Thursday, May 15, 2014

Rationing Time

In the classroom, time is, always, our most limited resource, and if students are receiving one service or participating in one activity, it means that they are not receiving another service or participating in another activity. That is the same argument used by proponents of full inclusion for why all related services should be push-in, so that students do not lose access to the instruction and peer access available in the general education environment. But that coin has another side, and those students *are* losing access to time spent in direct instruction of specific skills. And I'm worried that's time we can't afford to lose.

This video, of a young lady who has been fully included, was touted as evidence of the benefit of full inclusion for the development of real meaningful social relationships at a webinar I recently attended.


Did you notice what was missing? Jocelyn's mother was interviewed.  Jocelyn's friends were interviewed. Jocelyn was not. Everyone else spoke about what they *thought* Jocelyn wanted/thought/believed. They don't know. Because they can't ask her. Why? As far as we can tell from this video, Jocelyn has no formal communication system (not even a yes/no.) For all we know, Jocelyn wishes these girls would leave her alone and only tolerates them to make her mother happy.  We don't know.  We can't ask Jocelyn.

And that's what worries me about full inclusion for students like Jocelyn - and for the students I teach.
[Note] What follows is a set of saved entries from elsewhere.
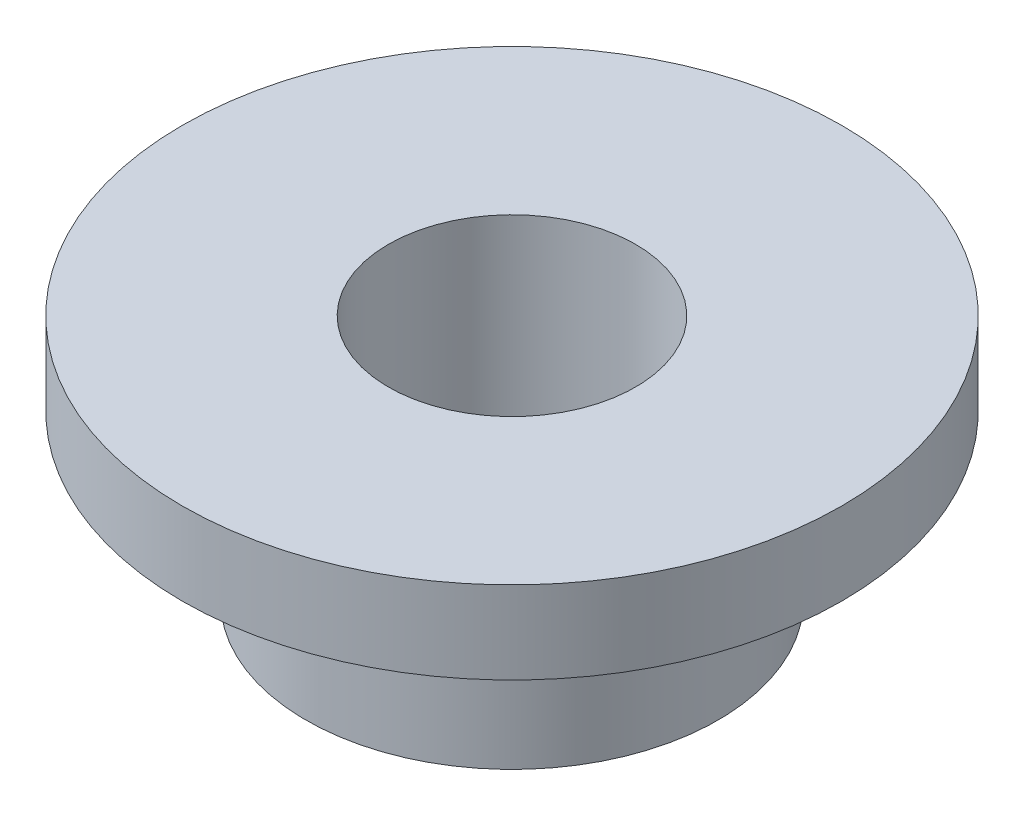
from build123d import *

# Parameters (mm, degrees)
SKETCH1_W = 1
SKETCH1_H = 2


with BuildPart() as part:
    # Sketch1 → Revolve1 (revolve)
    with BuildSketch(Plane.XY):
        Polygon((-4, 2), (-2.5, 2), (-1.5, 2), (-1.5, 3), (-4, 3), align=None)
        with Locations((-2, 1)):
            Rectangle(SKETCH1_W, SKETCH1_H)
    revolve(axis=Axis((0, 0, 0), (0, -1, 0)))


solid = part.part
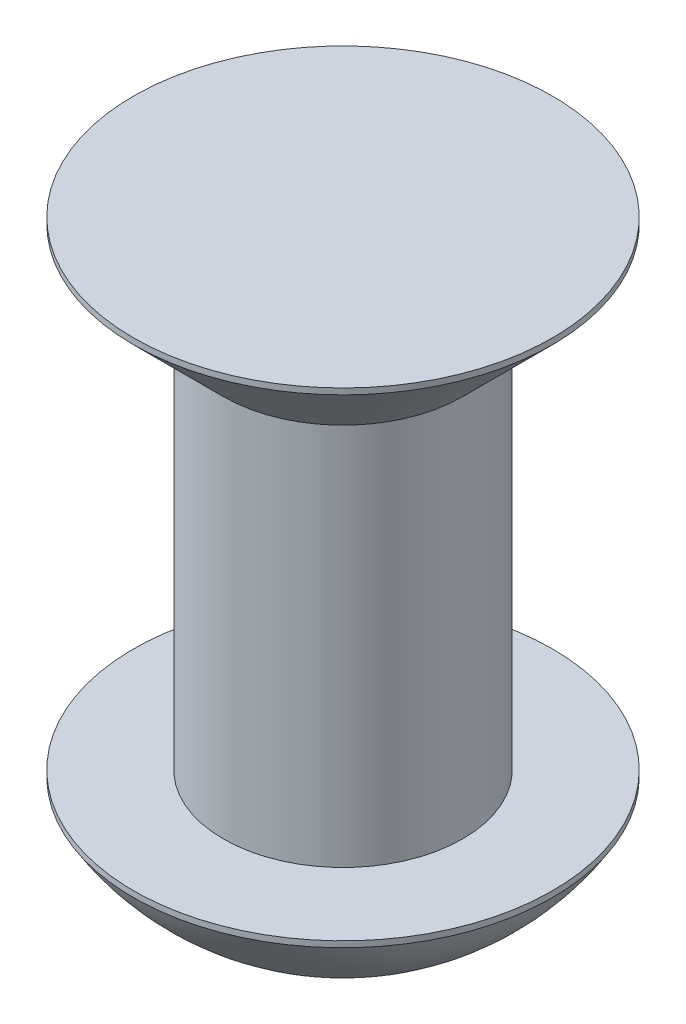
from build123d import *

# Parameters (mm, degrees)
EXTRUDE_1_DEPTH      = 0.4
EXTRUDE_1_DEPTH_BACK = 2
SKETCH_2_R           = 2
SKETCH_3_R           = 3.5
EXTRUDE_2_DEPTH      = 0.1
DOME_1_FACE_RADIUS   = 3.5
DOME_1_HEIGHT        = 2


with BuildPart() as part:
    # Эскиз1 → Revolve 344 (revolve)
    with BuildSketch(Plane.XY, mode=Mode.PRIVATE) as revolve_344_sk:
        with BuildLine():
            Line((0, 0), (1.6, 0))
            ThreePointArc((1.6, 0), (1.882842712, 0.117157288), (2, 0.4))
            Line((2, 0.4), (2, 6))
            Line((2, 6), (3.5, 7.5))
            Line((3.5, 7.5), (3.5, 7.6))
            Line((3.5, 7.6), (0, 7.6))
            Line((0, 7.6), (0, 0))
        make_face()
    revolve(revolve_344_sk.sketch.rotate(Axis((0, 11.283972125, 0), (0, -1, 0)), 90), axis=Axis((0, 11.283972125, 0), (0, -1, 0)))

    # Эскиз2 → Вытянуть1 (add, two sides: drawn at the far end of the back side and taken through both)
    with BuildSketch(Plane.XZ.offset(-EXTRUDE_1_DEPTH_BACK)):
        with Locations(Location((0, 0, 0), (0, 0, 90))):
            Circle(SKETCH_2_R)
    extrude(amount=EXTRUDE_1_DEPTH + EXTRUDE_1_DEPTH_BACK)

    # Эскиз3 → Вытянуть2 (add)
    with BuildSketch(Plane.XZ.offset(0.4)):
        with Locations(Location((0, 0, 0), (0, 0, 90))):
            Circle(SKETCH_3_R)
    extrude(amount=EXTRUDE_2_DEPTH)

    # Купол1: a dome of height H over a round flat face of radius A is a cap of a sphere of radius (A * A + H * H) / (2 * H)
    dome_1_r = (DOME_1_FACE_RADIUS * DOME_1_FACE_RADIUS + DOME_1_HEIGHT * DOME_1_HEIGHT) / (2 * DOME_1_HEIGHT)
    dome_1_base = Plane((0, -0.5, 0), z_dir=(0, -1, 0))
    with Locations(dome_1_base.offset(DOME_1_HEIGHT - dome_1_r)):
        dome_1_ball = Sphere(dome_1_r, mode=Mode.PRIVATE)
    add(split(dome_1_ball, bisect_by=dome_1_base, keep=Keep.TOP, mode=Mode.PRIVATE))


solid = part.part
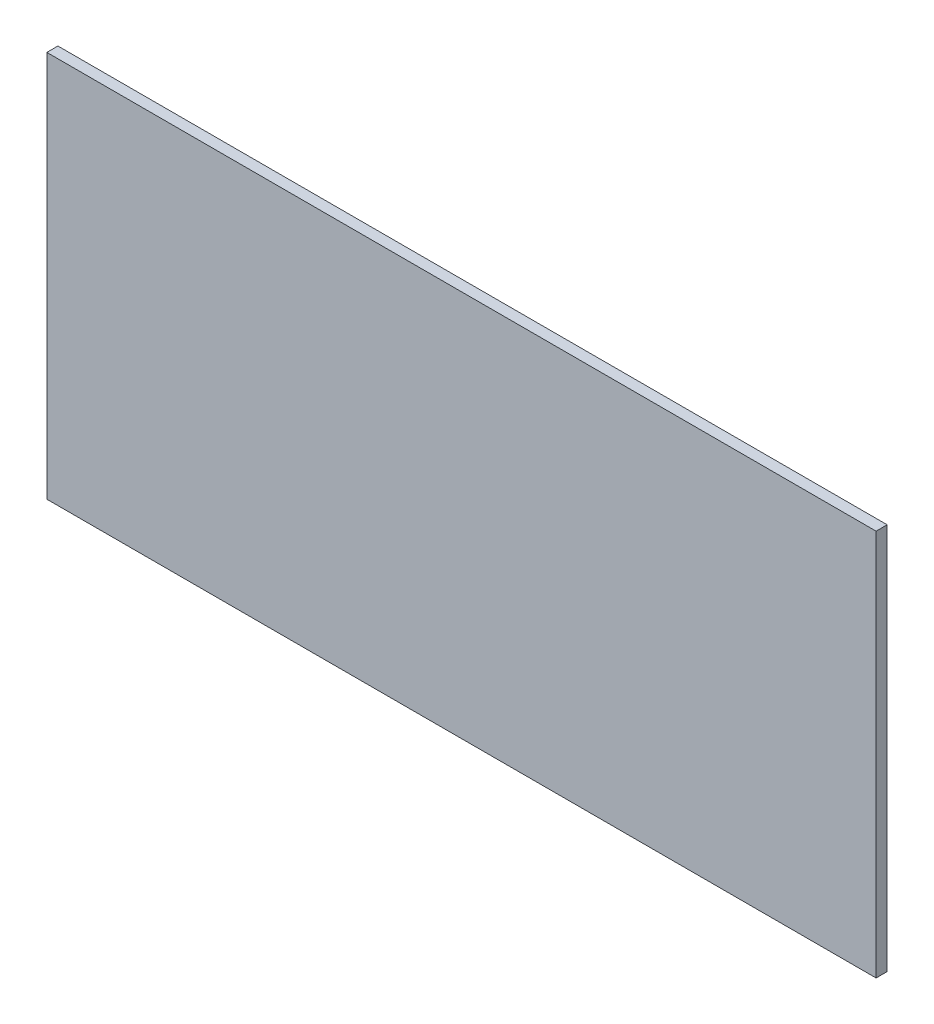
from build123d import *

# Parameters (mm, degrees)
SKETCH1_W           = 300
SKETCH1_H           = 140
BOSS_EXTRUDE1_DEPTH = 4


with BuildPart() as part:
    # Sketch1 → Boss-Extrude1 (new body)
    with BuildSketch(Plane.XY):
        with Locations((150, 70)):
            Rectangle(SKETCH1_W, SKETCH1_H)
    extrude(amount=BOSS_EXTRUDE1_DEPTH)


solid = part.part
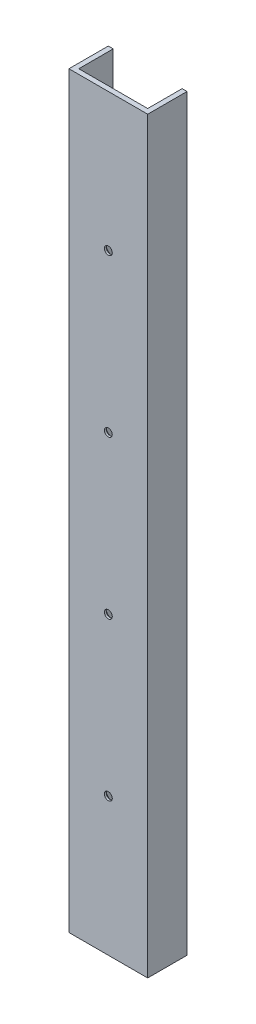
from build123d import *

# Parameters (mm, degrees)
BOSS_EXTRUDE1_DEPTH = 241.3
LPATTERN1_COUNT     = 4
LPATTERN1_PITCH     = 101.6


with BuildPart() as part:
    # Sketch1 → Boss-Extrude1 (new, symmetric)
    with BuildSketch(Plane(origin=(0, 0, 0), x_dir=(1, 0, 0), z_dir=(0, 1, 0))):
        Polygon((-25.4, 12.7), (-25.4, -12.7), (25.4, -12.7), (25.4, 12.7), (22.225, 12.7), (22.225, -9.525), (-22.225, -9.525), (-22.225, 12.7), align=None)
    extrude(amount=BOSS_EXTRUDE1_DEPTH, both=True)

    # Sketch2 → CSK for #10 Flat Head Machine Screw (100)1 (revolve, cut)
    with BuildSketch(Plane(origin=(0, -152.4, 9.525), x_dir=(0, 1, 0), z_dir=(1, 0, 0))):
        Polygon((0, 0), (0, 3.175), (2.5527, 3.175), (2.5527, 1.960808018), (4.8895, 0), align=None)
    csk_for_10_flat_head_machine_screw_100 = revolve(axis=Axis((0, -152.4, 3.175), (0, 0, 1)), mode=Mode.SUBTRACT)

    # LPattern1: CSK for #10 Flat Head Machine Screw (100)1 ×4
    with Locations(*[(0, i * LPATTERN1_PITCH, 0) for i in range(1, LPATTERN1_COUNT)]):
        add(csk_for_10_flat_head_machine_screw_100, mode=Mode.SUBTRACT)


solid = part.part
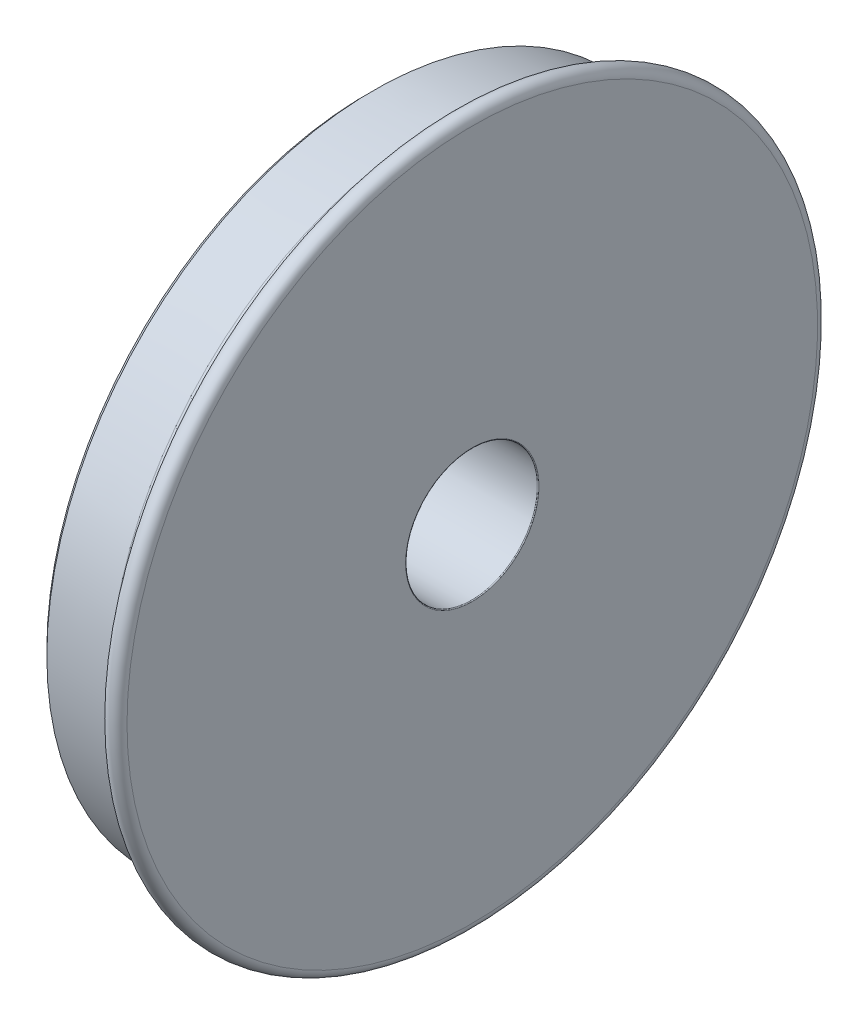
from build123d import *


with BuildPart() as part:
    # Sketch1 → Revolve1 (revolve)
    with BuildSketch(Plane.XY, mode=Mode.PRIVATE) as revolve1_sk:
        with BuildLine():
            Line((0, 20), (34.75, 20))
            ThreePointArc((34.75, 20), (34.926776695, 20.073223305), (35, 20.25))
            Line((35, 20.25), (35, 104.870611348))
            ThreePointArc((35, 104.870611348), (32.419685468, 107.661979883), (29.434472646, 105.308627851))
            Line((29.434472646, 105.308627851), (29.238441703, 104.070937185))
            ThreePointArc((29.238441703, 104.070937185), (27.613100241, 101.108330906), (24.474497484, 99.856155375))
            Line((24.474497484, 99.856155375), (4.957894968, 99.174620597))
            Line((4.957894968, 99.174620597), (3.3, 97.516725629))
            Line((3.3, 97.516725629), (3.3, 79.416725629))
            Line((3.3, 79.416725629), (13.3, 79.416725629))
            Line((13.3, 79.416725629), (13.3, 31.34))
            Line((13.3, 31.34), (0, 31.34))
            Line((0, 31.34), (0, 20))
        make_face()
    revolve(revolve1_sk.sketch.rotate(Axis((-146.164683843, 0, 0), (1, 0, 0)), 90), axis=Axis((-146.164683843, 0, 0), (1, 0, 0)))


solid = part.part
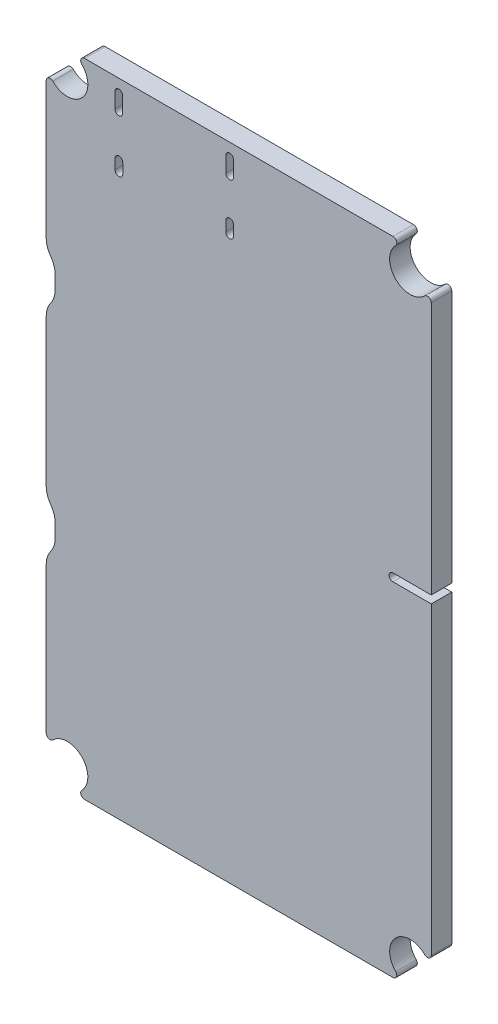
from build123d import *

# Parameters (mm, degrees)
BOARD_DEPTH        = 1.59936
CUT_EXTRUDE1_DEPTH = 73.128759538
CUT_EXTRUDE2_DEPTH = 73.128759538


with BuildPart() as part:
    # Sketch1 → Board (new body)
    with BuildSketch(Plane.XY):
        with BuildLine():
            Line((10, 12.987), (10, 24.35))
            ThreePointArc((10, 24.35), (10.089703362, 24.915270998), (10.35, 25.425))
            ThreePointArc((10.35, 25.425), (10.610296638, 25.934729002), (10.7, 26.5))
            Line((10.7, 26.5), (10.7, 27.5))
            ThreePointArc((10.7, 27.5), (10.610296638, 28.065270998), (10.35, 28.575))
            ThreePointArc((10.35, 28.575), (10.089703362, 29.084729002), (10, 29.65))
            Line((10, 29.65), (10, 41.1))
            ThreePointArc((10, 41.1), (10.089703362, 41.665270998), (10.35, 42.175))
            ThreePointArc((10.35, 42.175), (10.610296638, 42.684729002), (10.7, 43.25))
            Line((10.7, 43.25), (10.7, 44.25))
            ThreePointArc((10.7, 44.25), (10.610296638, 44.815270998), (10.35, 45.325))
            ThreePointArc((10.35, 45.325), (10.089703362, 45.834729002), (10, 46.4))
            Line((10, 46.4), (10, 57.01299))
            ThreePointArc((10, 57.01299), (10.185195521, 57.290150019), (10.51213, 57.22512))
            ThreePointArc((10.51213, 57.22512), (12.776257609, 57.223732391), (12.77487, 59.48786))
            ThreePointArc((12.77487, 59.48786), (12.709829188, 59.814802566), (12.987, 60))
            Line((12.987, 60), (37.01299, 60))
            ThreePointArc((37.01299, 60), (37.290150019, 59.814804479), (37.22512, 59.48787))
            ThreePointArc((37.22512, 59.48787), (37.223732391, 57.223742391), (39.48786, 57.22513))
            ThreePointArc((39.48786, 57.22513), (39.814807186, 57.290168899), (40, 57.01299))
            Line((40, 57.01299), (40, 12.987))
            ThreePointArc((40, 12.987), (39.814804479, 12.709839981), (39.48787, 12.77487))
            ThreePointArc((39.48787, 12.77487), (37.226515909, 12.773484091), (37.22513, 10.51213))
            ThreePointArc((37.22513, 10.51213), (37.290158106, 10.185190901), (37.01299, 10))
            Line((37.01299, 10), (12.987, 10))
            ThreePointArc((12.987, 10), (12.709839981, 10.185195521), (12.77487, 10.51213))
            ThreePointArc((12.77487, 10.51213), (12.773484091, 12.773484091), (10.51213, 12.77487))
            ThreePointArc((10.51213, 12.77487), (10.185195521, 12.709839981), (10, 12.987))
        make_face()
    extrude(amount=BOARD_DEPTH)

    # Sketch2 → Cut-Extrude1 (cut, through all)
    with BuildSketch(Plane.XY.offset(1.59936)):
        with BuildLine():
            Line((15.956, 58.964), (15.956, 57.764))
            ThreePointArc((15.956, 57.764), (15.656, 57.464), (15.356, 57.764))
            Line((15.356, 57.764), (15.356, 58.964))
            ThreePointArc((15.356, 58.964), (15.656, 59.264), (15.956, 58.964))
        make_face()
        with BuildLine():
            Line((15.96453, 54.46518), (15.96453, 53.66518))
            ThreePointArc((15.96453, 53.66518), (15.66453, 53.36518), (15.36453, 53.66518))
            Line((15.36453, 53.66518), (15.36453, 54.46518))
            ThreePointArc((15.36453, 54.46518), (15.66453, 54.76518), (15.96453, 54.46518))
        make_face()
        with BuildLine():
            Line((24.592, 54.584), (24.592, 53.784))
            ThreePointArc((24.592, 53.784), (24.292, 53.484), (23.992, 53.784))
            Line((23.992, 53.784), (23.992, 54.584))
            ThreePointArc((23.992, 54.584), (24.292, 54.884), (24.592, 54.584))
        make_face()
        with BuildLine():
            Line((24.592, 58.964), (24.592, 57.764))
            ThreePointArc((24.592, 57.764), (24.292, 57.464), (23.992, 57.764))
            Line((23.992, 57.764), (23.992, 58.964))
            ThreePointArc((23.992, 58.964), (24.292, 59.264), (24.592, 58.964))
        make_face()
    extrude(amount=-CUT_EXTRUDE1_DEPTH, mode=Mode.SUBTRACT)

    # Sketch3 → Cut-Extrude2 (cut, through all)
    with BuildSketch(Plane.XY.offset(1.59936)):
        with BuildLine():
            Line((37.015, 37.3), (41.715, 37.3))
            Line((41.715, 37.3), (41.715, 36.7))
            Line((41.715, 36.7), (37.015, 36.7))
            ThreePointArc((37.015, 36.7), (36.714999967, 37), (37.015, 37.3))
        make_face()
    extrude(amount=-CUT_EXTRUDE2_DEPTH, mode=Mode.SUBTRACT)


solid = part.part

I worry that their limited classroom time will be focused on social integration and on access skills that make them part of the classroom instead of on developing meaningful functional communication systems that will help them create independent lives for themselves as adults.

Listen very carefully to the voices of non-speaking self-advocates. Their intelligence was realized by others after someone taught them how to use a communication system and they were able to communicate their desire to learn (or what they had already learned.)  Access to education is nothing without a system to communicate what you know. If we are going to implement full inclusion, we have allocate the time and resources to develop functional communication skills from the very beginning. And for our older students who have not had access to the communication and academic instruction they should have before now, for whatever reason, we have to recognize that our number one priority has to be communication - and that takes time.